__Task details__.
Copy out each line of the data below in which "start" appears.

__Given data__.
.....

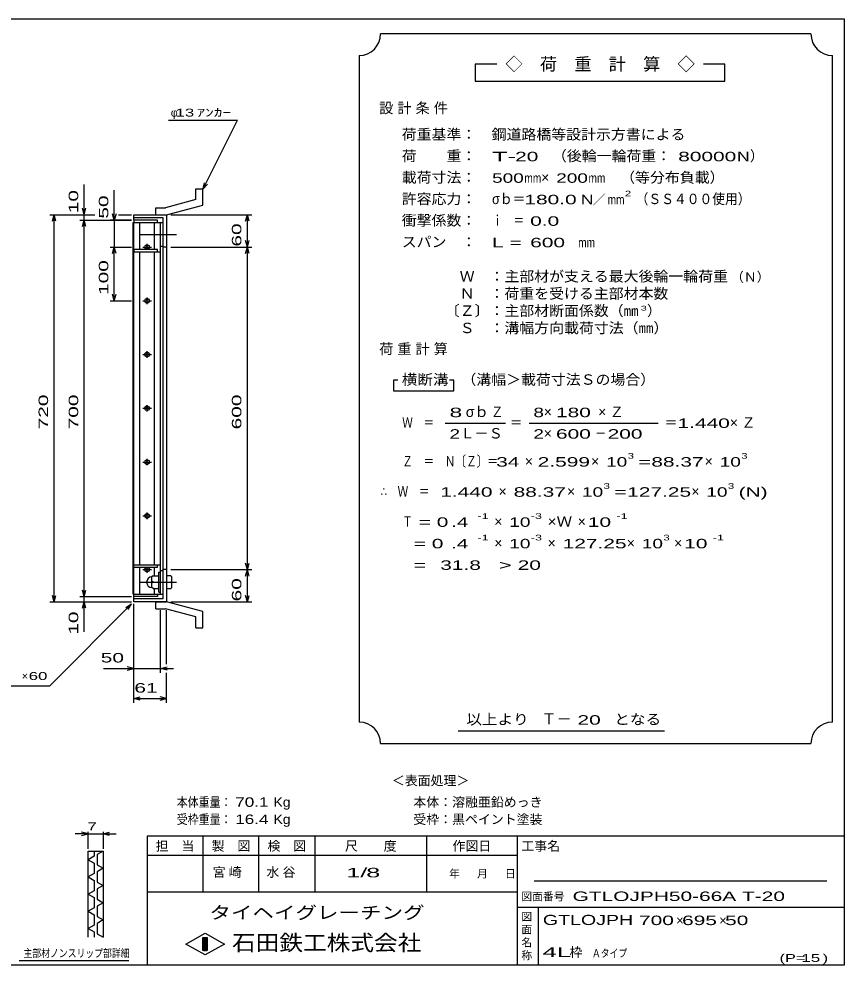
# Model space of a CAD drawing. Units: millimetres, scale not verified. Extents: x -1456 to 1385, y -1026 to 843.
# Drawn here: x -149 to 1385, y -917 to 843 of the extents above; entities that cross this region are included whole.
import ezdxf
from ezdxf.enums import TextEntityAlignment as Align

# ---------------------------------------------------------------- set-up
doc = ezdxf.new("R2010")
doc.units = ezdxf.units.MM
doc.header["$LTSCALE"] = 8
doc.linetypes.add('CHAIN', pattern=[18.5, 12, -1.5, 3.5, -1.5])
for name, color, linetype, lineweight in [('0_2', 150, 'Continuous', 25), ('16', 3, 'Continuous', 25), ('19', 6, 'Continuous', 25), ('22', 4, 'Continuous', 25), ('24', 2, 'Continuous', 25), ('32', 4, 'Continuous', 25)]:
    doc.layers.add(name, color=color, linetype=linetype, lineweight=lineweight)
doc.styles.add('ベクトル', font='')
doc.styles.get('ベクトル').set_extended_font_data('ベクトル')

msp = doc.modelspace()

# ---------------------------------------------------------------- linework, layer by layer
at = {"layer": '0_2'}
for p, q in [((-1383.2, 842.8), (1384.8, 842.8)), ((1384.8, 842.8), (1384.8, -917.2)), ((1384.8, -677.2), (88.8, -677.2)), ((88.8, -677.2), (88.8, -917.2)), ((192.8, -677.2), (192.8, -781.2)), ((296.8, -781.2), (296.8, -677.2)), ((400.8, -677.2), (400.8, -781.2)), ((608.8, -781.2), (608.8, -677.2)), ((776.8, -677.2), (776.8, -917.2)), ((776.8, -713.2), (88.8, -713.2)), ((1352.8, -761.2), (808.8, -761.2)), ((88.8, -781.2), (776.8, -781.2)), ((776.8, -809.2), (1384.8, -809.2)), ((816.8, -917.2), (816.8, -809.2)), ((160.8, -878), (196.8, -858)), ((196.8, -858), (232.8, -878)), ((196.8, -898), (160.8, -878)), ((192.8, -866), (200.8, -866)), ((192.8, -890), (192.8, -866)), ((192.8, -866), (194.4, -866)), ((194.4, -866), (194.4, -890)), ((196, -890), (196, -866)), ((196, -866), (197.6, -866)), ((232.8, -878), (196.8, -898)), ((197.6, -866), (197.6, -890)), ((199.2, -890), (199.2, -866)), ((199.2, -866), (200.8, -866)), ((200.8, -866), (200.8, -890)), ((200.8, -866), (200.8, -890)), ((200.8, -890), (192.8, -890)), ((194.4, -890), (196, -890)), ((197.6, -890), (199.2, -890)), ((1384.8, -917.2), (-1383.2, -917.2))]:
    msp.add_line(p, q, dxfattribs=at)
at = {"layer": '16'}
for p, q in [((63.3, -227), (63.3, 464)), ((63.3, 464), (64, 464)), ((108, 468.5), (64, 468.5)), ((64, 468.5), (64, 464)), ((64, 464), (108, 464)), ((64, -227), (64, 464)), ((64, 464), (114, 464)), ((75.5, 414), (75.5, 464)), ((102.5, 414), (102.5, 464)), ((108, 464), (108, 468.5)), ((114, -227), (114, 464)), ((114, 464), (119, 464)), ((119, 420), (119, 464)), ((89, 414), (89, 424.5)), ((64, 414), (64, 409.5)), ((108, 414), (64, 414)), ((64, 409.5), (114, 409.5)), ((75.5, -172.5), (75.5, 409.5)), ((81, 418.5), (97, 418.5)), ((87, 421.5), (91, 421.5)), ((87, 415.5), (91, 415.5)), ((102.5, -172.5), (102.5, 409.5)), ((108, 409.5), (108, 414)), ((114, 420), (119, 420)), ((81, 318.5), (97, 318.5)), ((87, 321.5), (91, 321.5)), ((89, 312.5), (89, 324.5)), ((87, 315.5), (91, 315.5)), ((81, 218.5), (97, 218.5)), ((87, 221.5), (91, 221.5)), ((87, 215.5), (91, 215.5)), ((89, 212.5), (89, 224.5)), ((89, 112.5), (89, 124.5)), ((81, 118.5), (97, 118.5)), ((87, 121.5), (91, 121.5)), ((87, 115.5), (91, 115.5)), ((81, 18.5), (97, 18.5)), ((87, 21.5), (91, 21.5)), ((89, 12.5), (89, 24.5)), ((87, 15.5), (91, 15.5)), ((81, -81.5), (97, -81.5)), ((87, -78.5), (91, -78.5)), ((87, -84.5), (91, -84.5)), ((89, -87.5), (89, -75.5)), ((64, -177), (64, -172.5)), ((64, -172.5), (114, -172.5)), ((108, -177), (108, -172.5)), ((64, -177), (108, -177)), ((75.5, -227), (75.5, -177)), ((81, -181.5), (97, -181.5)), ((87, -178.5), (91, -178.5)), ((87, -184.5), (91, -184.5)), ((89, -187.5), (89, -177)), ((100, -193), (98, -195)), ((100, -193), (109, -193)), ((102.5, -192), (102.5, -177)), ((111, -195), (109, -193)), ((111, -223.5), (111, -186.5)), ((111, -186.5), (114, -186.5)), ((114, -183), (119, -183)), ((114, -223.5), (114, -186.5)), ((119, -227), (119, -183)), ((98, -215), (98, -195)), ((100, -205), (98, -203)), ((100, -205), (98, -207)), ((100, -205), (109, -205)), ((109, -205), (111, -203)), ((111, -207), (109, -205)), ((63.3, -227), (64, -227)), ((64, -227), (108, -227)), ((64, -231.5), (64, -227)), ((64, -227), (114, -227)), ((100, -217), (98, -215)), ((100, -217), (109, -217)), ((102.5, -227), (102.5, -218)), ((108, -227), (108, -231.5)), ((109, -217), (111, -215)), ((111, -223.5), (114, -223.5)), ((114, -227), (119, -227)), ((108, -231.5), (64, -231.5))]:
    msp.add_line(p, q, dxfattribs=at)
at = {"layer": '16', "linetype": 'CHAIN'}
for p, q in [((74.4, 442), (143.4, 442)), ((74.4, -205), (143.4, -205))]:
    msp.add_line(p, q, dxfattribs=at)
at = {"layer": '16'}
for centre, radius, start, end in [((89, 418.5), 4, 46.6, 133.4), ((87, 418.5), 3, 90, 270), ((89, 418.5), 4, 226.6, 313.4), ((91, 418.5), 3, 270, 90), ((87, 318.5), 3, 90, 270), ((89, 318.5), 4, 46.6, 133.4), ((91, 318.5), 3, 270, 90), ((89, 318.5), 4, 226.6, 313.4), ((87, 218.5), 3, 90, 270), ((89, 218.5), 4, 46.6, 133.4), ((89, 218.5), 4, 226.6, 313.4), ((91, 218.5), 3, 270, 90), ((87, 118.5), 3, 90, 270), ((89, 118.5), 4, 46.6, 133.4), ((89, 118.5), 4, 226.6, 313.4), ((91, 118.5), 3, 270, 90), ((87, 18.5), 3, 90, 270), ((89, 18.5), 4, 46.6, 133.4), ((91, 18.5), 3, 270, 90), ((89, 18.5), 4, 226.6, 313.4), ((87, -81.5), 3, 90, 270), ((89, -81.5), 4, 46.6, 133.4), ((89, -81.5), 4, 226.6, 313.4), ((91, -81.5), 3, 270, 90), ((87, -181.5), 3, 90, 270), ((89, -181.5), 4, 46.6, 133.4), ((89, -181.5), 4, 226.6, 313.4), ((91, -181.5), 3, 270, 90), ((98, -205), 10, 90, 270)]:
    msp.add_arc(centre, radius, start, end, dxfattribs=at)
at = {"layer": '19'}
for p, q in [((179.6, 526.6), (192.6, 526.6)), ((179.6, 506.6), (179.6, 526.6)), ((192.6, 496.6), (192.6, 526.6)), ((179.6, 506.6), (123.3, 491.5)), ((125, 478.5), (192.6, 496.6)), ((64, 468.5), (64, 478.5)), ((64, 478.5), (125, 478.5)), ((105, 491.5), (123.3, 491.5)), ((105, 478.5), (105, 491.5)), ((105, 478.5), (125, 478.5)), ((125, 478.5), (125, -241.5)), ((119, 472.5), (64, 472.5)), ((119, -235.5), (119, 472.5)), ((125, 418.5), (119, 418.5)), ((125, -181.5), (119, -181.5)), ((133, -193), (125, -193)), ((125, -193), (125, -217)), ((135, -195), (133, -193)), ((125, -205), (133, -205)), ((135, -203), (133, -205)), ((133, -205), (135, -207)), ((135, -215), (135, -195)), ((125, -217), (133, -217)), ((133, -217), (135, -215)), ((64, -241.5), (64, -231.5)), ((64, -235.5), (119, -235.5)), ((125, -241.5), (64, -241.5)), ((105, -241.5), (125, -241.5)), ((105, -254.5), (105, -241.5)), ((192.6, -259.6), (125, -241.5)), ((105, -254.5), (123.3, -254.5)), ((179.6, -269.6), (123.3, -254.5)), ((192.6, -289.6), (192.6, -259.6)), ((179.6, -289.6), (179.6, -269.6)), ((179.6, -289.6), (192.6, -289.6))]:
    msp.add_line(p, q, dxfattribs=at)
at = {"layer": '22'}
for p, q in [((129, 654.5), (257, 654.5)), ((193, 526.5), (257, 654.5)), ((-28, 478.5), (-28, 534.5)), ((193, 526.5), (195.4, 538.2)), ((193, 526.5), (201, 535.3)), ((28, 468.5), (28, 524.5)), ((-92, 478.5), (-8, 478.5)), ((-87.2, 466.5), (-84, 478.5)), ((-80.8, 466.5), (-84, 478.5)), ((-84, -241.5), (-84, 478.5)), ((-36, 478.5), (-8, 478.5)), ((-28, 478.5), (-31.2, 490.5)), ((-28, 478.5), (-24.8, 490.5)), ((-28, 468.5), (-28, 478.5)), ((28, 468.5), (24.8, 480.5)), ((31.2, 480.5), (28, 468.5)), ((36, 478.5), (60, 478.5)), ((36, 478.5), (60, 478.5)), ((133, 478.5), (283.4, 478.5)), ((272.2, 466.5), (275.4, 478.5)), ((278.6, 466.5), (275.4, 478.5)), ((275.4, 418.5), (275.4, 478.5)), ((-36, 468.5), (60, 468.5)), ((-31.2, 456.5), (-28, 468.5)), ((-24.8, 456.5), (-28, 468.5)), ((-28, -231.5), (-28, 468.5)), ((60, 468.5), (20, 468.5)), ((28, 468.5), (28, 418.5)), ((275.4, 418.5), (272.2, 430.5)), ((275.4, 418.5), (278.6, 430.5)), ((20, 418.5), (60, 418.5)), ((24.8, 406.5), (28, 418.5)), ((31.2, 406.5), (28, 418.5)), ((28, 318.5), (28, 418.5)), ((133, 418.5), (283.4, 418.5)), ((272.2, 406.5), (275.4, 418.5)), ((278.6, 406.5), (275.4, 418.5)), ((275.4, -181.5), (275.4, 418.5)), ((20, 318.5), (60, 318.5)), ((28, 318.5), (24.8, 330.5)), ((28, 318.5), (31.2, 330.5)), ((275.4, -181.5), (272.2, -169.5)), ((275.4, -181.5), (278.6, -169.5)), ((133, -181.5), (283.4, -181.5)), ((272.2, -193.5), (275.4, -181.5)), ((278.6, -193.5), (275.4, -181.5)), ((275.4, -241.5), (275.4, -181.5)), ((-28, -231.5), (-31.2, -219.5)), ((-28, -231.5), (-24.8, -219.5)), ((-92, -241.5), (60, -241.5)), ((-92, -397.5), (60, -245.5)), ((-84, -241.5), (-87.2, -229.5)), ((-84, -241.5), (-80.8, -229.5)), ((-36, -231.5), (60, -231.5)), ((-36, -241.5), (60, -241.5)), ((-31.2, -253.5), (-28, -241.5)), ((-28, -241.5), (-28, -231.5)), ((-24.8, -253.5), (-28, -241.5)), ((-28, -297.5), (-28, -241.5)), ((49.6, -251.9), (60, -245.5)), ((53.6, -255.9), (60, -245.5)), ((64, -373.5), (64, -245.5)), ((64, -429.5), (64, -245.5)), ((133, -241.5), (283.4, -241.5)), ((275.4, -241.5), (272.2, -229.5)), ((275.4, -241.5), (278.6, -229.5)), ((114, -373.5), (114, -256.9)), ((125, -357.5), (125, -256.9)), ((8, -365.5), (64, -365.5)), ((64, -365.5), (52, -362.3)), ((52, -368.7), (64, -365.5)), ((64, -365.5), (114, -365.5)), ((114, -365.5), (126, -362.3)), ((126, -368.7), (114, -365.5)), ((114, -365.5), (138, -365.5)), ((125, -429.5), (125, -373.5)), ((-252, -397.5), (-92, -397.5)), ((64, -421.5), (76, -418.3)), ((76, -424.7), (64, -421.5)), ((64, -421.5), (125, -421.5)), ((125, -421.5), (113, -418.3)), ((113, -424.7), (125, -421.5))]:
    msp.add_line(p, q, dxfattribs=at)
at = {"layer": '24', "color": 4}
for p, q in [((1323.2, 814.8), (523.2, 814.8)), ((483.2, 774.8), (483.2, -465.2)), ((1363.2, -465.2), (1363.2, 774.8)), ((739.2, 758.8), (699.2, 758.8)), ((699.2, 758.8), (699.2, 726.8)), ((1163.2, 758.8), (1123.2, 758.8)), ((1163.2, 726.8), (1163.2, 758.8)), ((699.2, 726.8), (1163.2, 726.8)), ((555.2, 170.8), (547.2, 170.8)), ((547.2, 170.8), (547.2, 150.8)), ((659.2, 170.8), (651.2, 170.8)), ((659.2, 150.8), (659.2, 170.8)), ((547.2, 150.8), (659.2, 150.8)), ((643.2, 90.8), (755.2, 90.8)), ((799.2, 90.8), (1039.2, 90.8)), ((667.2, -481.2), (1051.2, -481.2)), ((523.2, -505.2), (1323.2, -505.2))]:
    msp.add_line(p, q, dxfattribs=at)
for centre, start, end in [((483.2, 814.8), 270, 0), ((1363.2, 814.8), 180, 270), ((483.2, -505.2), 0, 90), ((1363.2, -505.2), 90, 180)]:
    msp.add_arc(centre, 40, start, end, dxfattribs=at)
at = {"layer": '32'}
for p, q in [((-20.8, -673.2), (-44.8, -673.2)), ((-20.8, -673.2), (-32.8, -670)), ((-32.8, -676.4), (-20.8, -673.2)), ((-20.8, -701.2), (-20.8, -669.2)), ((-20.8, -673.2), (7.2, -673.2)), ((7.2, -669.2), (7.2, -701.2)), ((7.2, -673.2), (19.2, -670)), ((19.2, -676.4), (7.2, -673.2)), ((7.2, -673.2), (31.2, -673.2)), ((-20.8, -705.2), (7.2, -705.2)), ((-20.8, -865.2), (-20.8, -705.2)), ((-9.6, -714.8), (-20.8, -721.2)), ((-20.8, -721.2), (-9.6, -727.6)), ((-9.6, -705.2), (-9.6, -714.8)), ((7.2, -705.2), (-4, -711.6)), ((-4, -711.6), (-4, -730.8)), ((7.2, -705.2), (7.2, -865.2)), ((-9.6, -727.6), (-9.6, -746.8)), ((-4, -730.8), (7.2, -737.2)), ((7.2, -737.2), (-4, -743.6)), ((-9.6, -746.8), (-20.8, -753.2)), ((-20.8, -753.2), (-9.6, -759.6)), ((-4, -743.6), (-4, -762.8)), ((-9.6, -759.6), (-9.6, -778.8)), ((-4, -762.8), (7.2, -769.2)), ((7.2, -769.2), (-4, -775.6)), ((-9.6, -778.8), (-20.8, -785.2)), ((-20.8, -785.2), (-9.6, -791.6)), ((-9.6, -791.6), (-9.6, -810.8)), ((-4, -775.6), (-4, -794.8)), ((-4, -794.8), (7.2, -801.2)), ((7.2, -801.2), (-4, -807.6)), ((-4, -807.6), (-4, -826.8)), ((-9.6, -810.8), (-20.8, -817.2)), ((-20.8, -817.2), (-9.6, -823.6)), ((-9.6, -823.6), (-9.6, -842.8)), ((-4, -826.8), (7.2, -833.2)), ((-9.6, -842.8), (-20.8, -849.2)), ((7.2, -833.2), (-4, -839.6)), ((-4, -839.6), (-4, -858.8)), ((-20.8, -849.2), (-9.6, -855.6)), ((-9.6, -855.6), (-9.6, -865.2)), ((-4, -858.8), (7.2, -865.2)), ((55.2, -909.2), (-148.8, -909.2))]:
    msp.add_line(p, q, dxfattribs=at)

# ---------------------------------------------------------------- texts
at = {"layer": '0_2', "style": 'ベクトル'}
for s, height, p in [('担\u3000当', 17.6, (104.8, -695.6)), ('製\u3000図', 17.6, (208.8, -695.6)), ('検\u3000図', 17.6, (312.8, -695.6)), ('尺\u3000\u3000度', 17.6, (456.8, -695.6)), ('作図日', 17.6, (656.8, -695.6)), ('工事名', 17.6, (784.8, -695.6)), ('年', 14.7, (650.4, -747.2)), ('月', 14.7, (702.4, -747.2)), ('日', 14.7, (754.4, -747.2)), ('図面番号', 14.66, (784.8, -789.6)), ('図', 14.7, (784.8, -827.2)), ('面', 14.7, (784.8, -851.2)), ('名', 14.7, (784.8, -875.2)), ('称', 14.7, (784.8, -899.2))]:
    msp.add_text(s, height=height, dxfattribs=at).set_placement(p, align=Align.MIDDLE_LEFT)
at = {"layer": '0_2', "color": 222, "style": 'ベクトル'}
for s, height, width, p in [('タイヘイグレーチング', 23.46, 1.25, (204.8, -819.6)), ('石田鉄工株式会社', 29.33, 1.1, (246.8, -875.6))]:
    msp.add_text(s, height=height, dxfattribs=dict(at, width=width)).set_placement(p, align=Align.MIDDLE_LEFT)
at = {"layer": '22', "color": 2, "style": 'ベクトル'}
for s, height, p in [('φ', 14.7, (133, 668.5)), ('×', 14.7, (-144, -379.5)), ('＜表面処理＞', 17.6, (544, -574)), ('本体：', 17.6, (584, -614)), ('溶融亜鉛めっき', 17.6, (656, -614)), ('受枠：', 17.6, (584, -646)), ('黒ペイント塗装', 17.6, (656, -646)), ('×', 17.6, (1072.8, -834)), ('×', 17.6, (1152.8, -834)), ('枠', 17.6, (874.4, -893.2))]:
    msp.add_text(s, height=height, dxfattribs=at).set_placement(p, align=Align.MIDDLE_LEFT)
for s, height, width, p in [(' 13 ', 14.66, 1.6, (133, 668.5)), ('ｱﾝｶｰ', 14.66, 1.6, (181, 668.5)), (' 50 ', 17.6, 1.65, (-8, -345.5)), (' 60 ', 14.66, 1.6, (-140, -379.5)), (' 61 ', 17.6, 1.65, (54.5, -401.5)), ('本体重量：', 17.6, 0.85, (144, -614)), (' 70.1', 17.6, 1.35, (244, -614)), ('Kg', 17.6, 1.1, (324, -614)), ('受枠重量：', 17.6, 0.85, (144, -646)), (' 16.4', 17.6, 1.35, (244, -646)), ('Kg', 17.6, 1.1, (324, -646)), ('1/', 17.6, 2, (459.2, -745.2)), (' 8 ', 17.6, 2, (483.2, -745.2)), ('GTLOJPH50-66A T-20             ', 17.6, 1.65, (880, -789.2)), ('GTLOJPH', 18.77, 1.45, (824.8, -833.2)), (' 700 ', 17.6, 1.65, (992.8, -834)), (' 695 ', 17.6, 1.65, (1072.8, -834)), (' 50 ', 17.6, 1.65, (1152.8, -834)), ('4L', 17.6, 2.05, (824, -893.2)), ('Ａタイプ', 14.66, 0.8, (916, -895.2)), ('(P=', 14.66, 1.55, (1264.8, -904)), (' 15 ', 14.66, 1.6, (1296.8, -904)), (')', 14.7, 1.6, (1344.8, -904))]:
    msp.add_text(s, height=height, dxfattribs=dict(at, width=width)).set_placement(p, align=Align.MIDDLE_LEFT)
at = {"layer": '22', "color": 2, "style": 'ベクトル', "width": 1.65}
for s, p in [(' 10 ', (-48, 470.5)), (' 50 ', (8, 460.5)), (' 60 ', (255.4, 408.5)), (' 100 ', (8, 318.5)), (' 720 ', (-104, 68.5)), (' 700 ', (-48, 68.5)), (' 600 ', (255.4, 68.5)), (' 60 ', (255.4, -251.5)), (' 10 ', (-48, -313.5))]:
    msp.add_text(s, height=17.6, rotation=90, dxfattribs=at).set_placement(p, align=Align.MIDDLE_LEFT)
at = {"layer": '22', "color": 2, "char_height": 17.6, "attachment_point": 4, "style": 'ベクトル'}
for s, insert in [('\\T1.25;宮崎\u3000', (210.8, -745.2)), ('\\T1.25;水谷\u3000', (310.8, -745.2))]:
    msp.add_mtext(s, dxfattribs=dict(at, insert=insert))
at = {"layer": '24', "style": 'ベクトル'}
for s, height, p in [('◇\u3000荷\u3000重\u3000計\u3000算\u3000◇', 23.46, (755.2, 758.8)), ('）', 19.4, (1209.6, 588)), ('×', 19.4, (821.6, 548)), ('／', 17.6, (917.2, 506.8)), ('（Ｎ）', 17.6, (1174.4, 362.8)), ('）', 19.4, (1018.4, 300)), ('σｂ', 19.35, (681.6, 112)), ('×', 19.4, (826.4, 112)), ('Ｌ－Ｓ', 19.35, (671.2, 72)), ('×', 19.4, (826.4, 72)), ('×', 19.4, (791.2, 20)), ('×', 19.4, (914.4, 20)), ('×', 19.4, (1125.6, 20)), ('×', 19.4, (742.4, -36)), ('×', 19.4, (869.6, -36)), ('×', 19.4, (1100.8, -36)), ('×', 19.4, (734.4, -92)), ('×', 19.4, (889.6, -92)), ('×', 19.4, (734.4, -132)), ('×', 19.4, (833.6, -132)), ('×', 19.4, (980.8, -132)), ('×', 19.4, (1068.8, -132)), ('Ｔ－', 20.53, (822.4, -459.2))]:
    msp.add_text(s, height=height, dxfattribs=at).set_placement(p, align=Align.MIDDLE_LEFT)
for s, height, width, p in [('荷重基準：\u3000', 19.35, 1.05, (562.4, 628)), ('鋼道路橋等設計示方書による', 19.35, 1.05, (729.6, 628)), ('荷\u3000\u3000重：\u3000', 19.35, 1.05, (562.4, 588)), ('（後輪一輪荷重：', 19.35, 1.05, (841.6, 588)), ('T-', 17.6, 2, (730.4, 586.8)), (' 20 ', 17.6, 1.65, (762.4, 586.8)), (' 80000', 17.6, 1.65, (1065.6, 586.8)), ('N', 17.6, 1.4, (1185.6, 586.8)), ('載荷寸法：\u3000', 19.35, 1.05, (562.4, 548)), ('500', 17.6, 1.5, (730.4, 546.8)), ('mm', 17.6, 0.8, (790.4, 546.8)), ('200', 17.6, 1.5, (849.6, 546.8)), ('mm', 17.6, 0.8, (909.6, 546.8)), ('\u3000（等分布負載）', 19.35, 1.05, (940.8, 548)), ('許容応力：\u3000', 19.35, 1.05, (562.4, 508)), ('σｂ＝', 19.35, 0.9, (730.4, 508)), ('180.0', 17.6, 1.65, (790.4, 506.8)), ('N', 17.6, 1.4, (895.2, 506.8)), ('mm', 17.6, 0.8, (945.2, 506.8)), ('2', 10.6, 1.5, (977.2, 518)), ('（ＳＳ４００使用）', 19.35, 0.9, (997.2, 508)), ('衝撃係数：\u3000', 19.35, 1.05, (562.4, 468)), ('ｉ\u3000＝', 19.35, 0.75, (730.4, 468)), (' 0.0', 17.6, 1.65, (790.4, 466.8)), ('スパン\u3000：\u3000', 19.35, 1.05, (562.4, 428)), ('L =', 17.6, 1.65, (730.4, 426.8)), (' 600 ', 17.6, 1.65, (790.4, 426.8)), ('mm', 17.6, 0.8, (890.4, 426.8)), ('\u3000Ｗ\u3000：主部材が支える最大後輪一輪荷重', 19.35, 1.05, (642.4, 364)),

.....

__Written response__.
for centre, radius, start, end in [((89, 418.5), 4, 46.6, 133.4), ((87, 418.5), 3, 90, 270), ((89, 418.5), 4, 226.6, 313.4), ((91, 418.5), 3, 270, 90), ((87, 318.5), 3, 90, 270), ((89, 318.5), 4, 46.6, 133.4), ((91, 318.5), 3, 270, 90), ((89, 318.5), 4, 226.6, 313.4), ((87, 218.5), 3, 90, 270), ((89, 218.5), 4, 46.6, 133.4), ((89, 218.5), 4, 226.6, 313.4), ((91, 218.5), 3, 270, 90), ((87, 118.5), 3, 90, 270), ((89, 118.5), 4, 46.6, 133.4), ((89, 118.5), 4, 226.6, 313.4), ((91, 118.5), 3, 270, 90), ((87, 18.5), 3, 90, 270), ((89, 18.5), 4, 46.6, 133.4), ((91, 18.5), 3, 270, 90), ((89, 18.5), 4, 226.6, 313.4), ((87, -81.5), 3, 90, 270), ((89, -81.5), 4, 46.6, 133.4), ((89, -81.5), 4, 226.6, 313.4), ((91, -81.5), 3, 270, 90), ((87, -181.5), 3, 90, 270), ((89, -181.5), 4, 46.6, 133.4), ((89, -181.5), 4, 226.6, 313.4), ((91, -181.5), 3, 270, 90), ((98, -205), 10, 90, 270)]:
    msp.add_arc(centre, radius, start, end, dxfattribs=at)
for centre, start, end in [((483.2, 814.8), 270, 0), ((1363.2, 814.8), 180, 270), ((483.2, -505.2), 0, 90), ((1363.2, -505.2), 90, 180)]:
    msp.add_arc(centre, 40, start, end, dxfattribs=at)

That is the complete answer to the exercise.